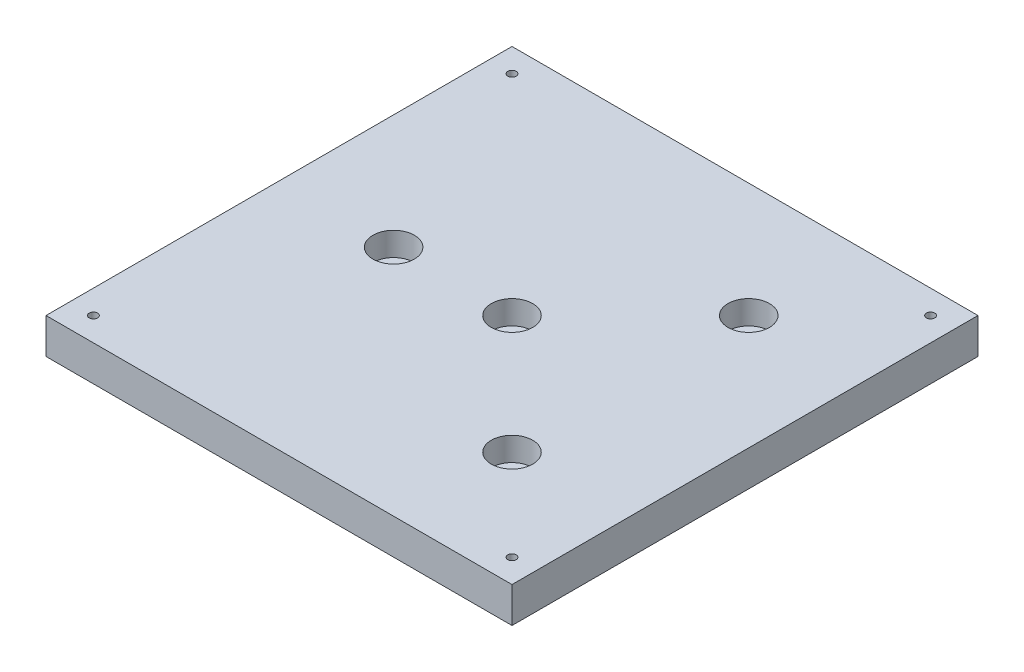
ISO-10303-21;
HEADER;
FILE_DESCRIPTION(('STEP AP214'),'2;1');
FILE_NAME('part.step','',(''),(''),'','','');
FILE_SCHEMA(('AUTOMOTIVE_DESIGN { 1 0 10303 214 1 1 1 1 }'));
ENDSEC;
DATA;
#1=APPLICATION_CONTEXT('core data for automotive mechanical design processes');
#2=APPLICATION_PROTOCOL_DEFINITION('international standard','automotive_design',2000,#1);
#3=PRODUCT_CONTEXT('',#1,'mechanical');
#4=PRODUCT('Part','Part','',(#3));
#5=PRODUCT_RELATED_PRODUCT_CATEGORY('part','',(#4));
#6=PRODUCT_DEFINITION_FORMATION('','',#4);
#7=PRODUCT_DEFINITION_CONTEXT('part definition',#1,'design');
#8=PRODUCT_DEFINITION('design','',#6,#7);
#9=PRODUCT_DEFINITION_SHAPE('','',#8);
#10=(LENGTH_UNIT() NAMED_UNIT(*) SI_UNIT(.MILLI.,.METRE.));
#11=(NAMED_UNIT(*) PLANE_ANGLE_UNIT() SI_UNIT($,.RADIAN.));
#12=(NAMED_UNIT(*) SI_UNIT($,.STERADIAN.) SOLID_ANGLE_UNIT());
#13=UNCERTAINTY_MEASURE_WITH_UNIT(LENGTH_MEASURE(1.E-05),#10,'distance_accuracy_value','');
#14=(GEOMETRIC_REPRESENTATION_CONTEXT(3) GLOBAL_UNCERTAINTY_ASSIGNED_CONTEXT((#13)) GLOBAL_UNIT_ASSIGNED_CONTEXT((#10,
#11,#12)) REPRESENTATION_CONTEXT('',''));
#15=CARTESIAN_POINT('',(0.,0.,0.));
#16=DIRECTION('',(0.,0.,1.));
#17=DIRECTION('',(1.,0.,0.));
#18=AXIS2_PLACEMENT_3D('',#15,#16,#17);
#19=CARTESIAN_POINT('',(0.,0.,0.));
#20=DIRECTION('',(0.,1.,0.));
#21=DIRECTION('',(0.,0.,1.));
#22=AXIS2_PLACEMENT_3D('',#19,#20,#21);
#23=PLANE('',#22);
#24=CARTESIAN_POINT('',(-31.75,0.,0.));
#25=DIRECTION('',(0.,1.,0.));
#26=DIRECTION('',(0.,0.,1.));
#27=AXIS2_PLACEMENT_3D('',#24,#25,#26);
#28=CIRCLE('',#27,3.3782);
#29=CARTESIAN_POINT('',(-31.75,0.,3.3782));
#30=VERTEX_POINT('',#29);
#31=EDGE_CURVE('E59',#30,#30,#28,.T.);
#32=ORIENTED_EDGE('',*,*,#31,.T.);
#33=EDGE_LOOP('',(#32));
#34=FACE_BOUND('',#33,.T.);
#35=CARTESIAN_POINT('',(31.75,0.,31.75));
#36=DIRECTION('',(0.,1.,0.));
#37=DIRECTION('',(0.,0.,1.));
#38=AXIS2_PLACEMENT_3D('',#35,#36,#37);
#39=CIRCLE('',#38,3.3782);
#40=CARTESIAN_POINT('',(31.75,0.,35.1282));
#41=VERTEX_POINT('',#40);
#42=EDGE_CURVE('E276',#41,#41,#39,.T.);
#43=ORIENTED_EDGE('',*,*,#42,.T.);
#44=EDGE_LOOP('',(#43));
#45=FACE_BOUND('',#44,.T.);
#46=CARTESIAN_POINT('',(31.75,0.,-31.75));
#47=DIRECTION('',(0.,1.,0.));
#48=DIRECTION('',(0.,0.,1.));
#49=AXIS2_PLACEMENT_3D('',#46,#47,#48);
#50=CIRCLE('',#49,3.3782);
#51=CARTESIAN_POINT('',(31.75,0.,-28.3718));
#52=VERTEX_POINT('',#51);
#53=EDGE_CURVE('E271',#52,#52,#50,.T.);
#54=ORIENTED_EDGE('',*,*,#53,.T.);
#55=EDGE_LOOP('',(#54));
#56=FACE_BOUND('',#55,.T.);
#57=CARTESIAN_POINT('',(0.,0.,0.));
#58=DIRECTION('',(0.,1.,0.));
#59=DIRECTION('',(0.,0.,1.));
#60=AXIS2_PLACEMENT_3D('',#57,#58,#59);
#61=CIRCLE('',#60,3.3782);
#62=CARTESIAN_POINT('',(0.,0.,3.3782));
#63=VERTEX_POINT('',#62);
#64=EDGE_CURVE('E266',#63,#63,#61,.T.);
#65=ORIENTED_EDGE('',*,*,#64,.T.);
#66=EDGE_LOOP('',(#65));
#67=FACE_BOUND('',#66,.T.);
#68=DIRECTION('',(-1.,0.,0.));
#69=VECTOR('',#68,1.);
#70=CARTESIAN_POINT('',(-40.64,0.,-43.65625));
#71=LINE('',#70,#69);
#72=CARTESIAN_POINT('',(-22.86,0.,-43.65625));
#73=VERTEX_POINT('',#72);
#74=CARTESIAN_POINT('',(-40.64,0.,-43.65625));
#75=VERTEX_POINT('',#74);
#76=EDGE_CURVE('E191',#73,#75,#71,.T.);
#77=ORIENTED_EDGE('',*,*,#76,.T.);
#78=DIRECTION('',(0.,0.,1.));
#79=VECTOR('',#78,1.);
#80=CARTESIAN_POINT('',(-40.64,0.,-43.65625));
#81=LINE('',#80,#79);
#82=CARTESIAN_POINT('',(-40.64,0.,-19.84375));
#83=VERTEX_POINT('',#82);
#84=EDGE_CURVE('E169',#75,#83,#81,.T.);
#85=ORIENTED_EDGE('',*,*,#84,.T.);
#86=DIRECTION('',(1.,0.,0.));
#87=VECTOR('',#86,1.);
#88=CARTESIAN_POINT('',(-40.64,0.,-19.84375));
#89=LINE('',#88,#87);
#90=CARTESIAN_POINT('',(-22.86,0.,-19.84375));
#91=VERTEX_POINT('',#90);
#92=EDGE_CURVE('E175',#83,#91,#89,.T.);
#93=ORIENTED_EDGE('',*,*,#92,.T.);
#94=DIRECTION('',(0.,0.,-1.));
#95=VECTOR('',#94,1.);
#96=CARTESIAN_POINT('',(-22.86,0.,-43.65625));
#97=LINE('',#96,#95);
#98=EDGE_CURVE('E264',#91,#73,#97,.T.);
#99=ORIENTED_EDGE('',*,*,#98,.T.);
#100=EDGE_LOOP('',(#77,#85,#93,#99));
#101=FACE_BOUND('',#100,.T.);
#102=CARTESIAN_POINT('',(-31.75,0.,31.75));
#103=DIRECTION('',(0.,1.,0.));
#104=DIRECTION('',(0.,0.,1.));
#105=AXIS2_PLACEMENT_3D('',#102,#103,#104);
#106=CIRCLE('',#105,8.89);
#107=CARTESIAN_POINT('',(-28.0103696292239,0.,23.6848115527305));
#108=VERTEX_POINT('',#107);
#109=EDGE_CURVE('E459',#108,#108,#106,.T.);
#110=ORIENTED_EDGE('',*,*,#109,.T.);
#111=EDGE_LOOP('',(#110));
#112=FACE_BOUND('',#111,.T.);
#113=CARTESIAN_POINT('',(-56.15,0.,-56.15));
#114=DIRECTION('',(0.,1.,0.));
#115=DIRECTION('',(0.,0.,1.));
#116=AXIS2_PLACEMENT_3D('',#113,#114,#115);
#117=CIRCLE('',#116,1.1303);
#118=CARTESIAN_POINT('',(-56.15,0.,-55.0197));
#119=VERTEX_POINT('',#118);
#120=EDGE_CURVE('E960',#119,#119,#117,.T.);
#121=ORIENTED_EDGE('',*,*,#120,.T.);
#122=EDGE_LOOP('',(#121));
#123=FACE_BOUND('',#122,.T.);
#124=CARTESIAN_POINT('',(56.15,0.,-56.15));
#125=DIRECTION('',(0.,1.,0.));
#126=DIRECTION('',(0.,0.,1.));
#127=AXIS2_PLACEMENT_3D('',#124,#125,#126);
#128=CIRCLE('',#127,1.1303);
#129=CARTESIAN_POINT('',(56.15,0.,-55.0197));
#130=VERTEX_POINT('',#129);
#131=EDGE_CURVE('E953',#130,#130,#128,.T.);
#132=ORIENTED_EDGE('',*,*,#131,.T.);
#133=EDGE_LOOP('',(#132));
#134=FACE_BOUND('',#133,.T.);
#135=CARTESIAN_POINT('',(-56.15,0.,56.15));
#136=DIRECTION('',(0.,1.,0.));
#137=DIRECTION('',(0.,0.,1.));
#138=AXIS2_PLACEMENT_3D('',#135,#136,#137);
#139=CIRCLE('',#138,1.1303);
#140=CARTESIAN_POINT('',(-56.15,0.,57.2803));
#141=VERTEX_POINT('',#140);
#142=EDGE_CURVE('E518',#141,#141,#139,.T.);
#143=ORIENTED_EDGE('',*,*,#142,.T.);
#144=EDGE_LOOP('',(#143));
#145=FACE_BOUND('',#144,.T.);
#146=CARTESIAN_POINT('',(56.15,0.,56.15));
#147=DIRECTION('',(0.,1.,0.));
#148=DIRECTION('',(0.,0.,1.));
#149=AXIS2_PLACEMENT_3D('',#146,#147,#148);
#150=CIRCLE('',#149,1.1303);
#151=CARTESIAN_POINT('',(56.15,0.,57.2803));
#152=VERTEX_POINT('',#151);
#153=EDGE_CURVE('E512',#152,#152,#150,.T.);
#154=ORIENTED_EDGE('',*,*,#153,.T.);
#155=EDGE_LOOP('',(#154));
#156=FACE_BOUND('',#155,.T.);
#157=DIRECTION('',(0.,0.,1.));
#158=VECTOR('',#157,1.);
#159=CARTESIAN_POINT('',(62.5,0.,0.));
#160=LINE('',#159,#158);
#161=CARTESIAN_POINT('',(62.5,0.,-62.5));
#162=VERTEX_POINT('',#161);
#163=CARTESIAN_POINT('',(62.5,0.,62.5));
#164=VERTEX_POINT('',#163);
#165=EDGE_CURVE('E522',#162,#164,#160,.T.);
#166=ORIENTED_EDGE('',*,*,#165,.T.);
#167=DIRECTION('',(1.,0.,0.));
#168=VECTOR('',#167,1.);
#169=CARTESIAN_POINT('',(0.,0.,62.5));
#170=LINE('',#169,#168);
#171=CARTESIAN_POINT('',(-62.5,0.,62.5));
#172=VERTEX_POINT('',#171);
#173=EDGE_CURVE('E534',#172,#164,#170,.T.);
#174=ORIENTED_EDGE('',*,*,#173,.F.);
#175=DIRECTION('',(0.,0.,1.));
#176=VECTOR('',#175,1.);
#177=CARTESIAN_POINT('',(-62.5,0.,0.));
#178=LINE('',#177,#176);
#179=CARTESIAN_POINT('',(-62.5,0.,-62.5));
#180=VERTEX_POINT('',#179);
#181=EDGE_CURVE('E552',#180,#172,#178,.T.);
#182=ORIENTED_EDGE('',*,*,#181,.F.);
#183=DIRECTION('',(1.,0.,0.));
#184=VECTOR('',#183,1.);
#185=CARTESIAN_POINT('',(0.,0.,-62.5));
#186=LINE('',#185,#184);
#187=EDGE_CURVE('E548',#180,#162,#186,.T.);
#188=ORIENTED_EDGE('',*,*,#187,.T.);
#189=EDGE_LOOP('',(#166,#174,#182,#188));
#190=FACE_BOUND('',#189,.T.);
#191=DIRECTION('',(0.,0.,-1.));
#192=VECTOR('',#191,1.);
#193=CARTESIAN_POINT('',(41.275,0.,-9.525));
#194=LINE('',#193,#192);
#195=CARTESIAN_POINT('',(41.275,0.,9.525));
#196=VERTEX_POINT('',#195);
#197=CARTESIAN_POINT('',(41.275,0.,-9.525));
#198=VERTEX_POINT('',#197);
#199=EDGE_CURVE('E73',#196,#198,#194,.T.);
#200=ORIENTED_EDGE('',*,*,#199,.T.);
#201=DIRECTION('',(-1.,0.,0.));
#202=VECTOR('',#201,1.);
#203=CARTESIAN_POINT('',(22.225,0.,-9.525));
#204=LINE('',#203,#202);
#205=CARTESIAN_POINT('',(22.225,0.,-9.525));
#206=VERTEX_POINT('',#205);
#207=EDGE_CURVE('E167',#198,#206,#204,.T.);
#208=ORIENTED_EDGE('',*,*,#207,.T.);
#209=DIRECTION('',(0.,0.,1.));
#210=VECTOR('',#209,1.);
#211=CARTESIAN_POINT('',(22.225,0.,-9.525));
#212=LINE('',#211,#210);
#213=CARTESIAN_POINT('',(22.225,0.,9.525));
#214=VERTEX_POINT('',#213);
#215=EDGE_CURVE('E324',#206,#214,#212,.T.);
#216=ORIENTED_EDGE('',*,*,#215,.T.);
#217=DIRECTION('',(1.,0.,0.));
#218=VECTOR('',#217,1.);
#219=CARTESIAN_POINT('',(22.225,0.,9.525));
#220=LINE('',#219,#218);
#221=EDGE_CURVE('E163',#214,#196,#220,.T.);
#222=ORIENTED_EDGE('',*,*,#221,.T.);
#223=EDGE_LOOP('',(#200,#208,#216,#222));
#224=FACE_BOUND('',#223,.T.);
#225=ADVANCED_FACE('F55',(#34,#45,#56,#67,#101,#112,#123,#134,#145,#156,#190,#224),#23,.F.);
#226=CARTESIAN_POINT('',(62.5,9.525,0.));
#227=DIRECTION('',(1.,0.,0.));
#228=DIRECTION('',(0.,0.,-1.));
#229=AXIS2_PLACEMENT_3D('',#226,#227,#228);
#230=PLANE('',#229);
#231=ORIENTED_EDGE('',*,*,#165,.F.);
#232=DIRECTION('',(0.,-1.,0.));
#233=VECTOR('',#232,1.);
#234=CARTESIAN_POINT('',(62.5,9.525,-62.5));
#235=LINE('',#234,#233);
#236=CARTESIAN_POINT('',(62.5,9.525,-62.5));
#237=VERTEX_POINT('',#236);
#238=EDGE_CURVE('E12',#237,#162,#235,.T.);
#239=ORIENTED_EDGE('',*,*,#238,.F.);
#240=DIRECTION('',(0.,0.,1.));
#241=VECTOR('',#240,1.);
#242=CARTESIAN_POINT('',(62.5,9.525,0.));
#243=LINE('',#242,#241);
#244=CARTESIAN_POINT('',(62.5,9.525,62.5));
#245=VERTEX_POINT('',#244);
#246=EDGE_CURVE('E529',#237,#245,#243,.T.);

┄┄┄┄┄┄┄┄┄┄

**HOW TO COMPLETE THIS TASK**
Taking the entries above, write out exactly each line from the one holding "#63=VERTEX_POINT('',#62);" to the one holding "#86=DIRECTION('',(1.,0.,0.));", both included, and stop there.

**WRITTEN SOLUTION**
#63=VERTEX_POINT('',#62);
#64=EDGE_CURVE('E266',#63,#63,#61,.T.);
#65=ORIENTED_EDGE('',*,*,#64,.T.);
#66=EDGE_LOOP('',(#65));
#67=FACE_BOUND('',#66,.T.);
#68=DIRECTION('',(-1.,0.,0.));
#69=VECTOR('',#68,1.);
#70=CARTESIAN_POINT('',(-40.64,0.,-43.65625));
#71=LINE('',#70,#69);
#72=CARTESIAN_POINT('',(-22.86,0.,-43.65625));
#73=VERTEX_POINT('',#72);
#74=CARTESIAN_POINT('',(-40.64,0.,-43.65625));
#75=VERTEX_POINT('',#74);
#76=EDGE_CURVE('E191',#73,#75,#71,.T.);
#77=ORIENTED_EDGE('',*,*,#76,.T.);
#78=DIRECTION('',(0.,0.,1.));
#79=VECTOR('',#78,1.);
#80=CARTESIAN_POINT('',(-40.64,0.,-43.65625));
#81=LINE('',#80,#79);
#82=CARTESIAN_POINT('',(-40.64,0.,-19.84375));
#83=VERTEX_POINT('',#82);
#84=EDGE_CURVE('E169',#75,#83,#81,.T.);
#85=ORIENTED_EDGE('',*,*,#84,.T.);
#86=DIRECTION('',(1.,0.,0.));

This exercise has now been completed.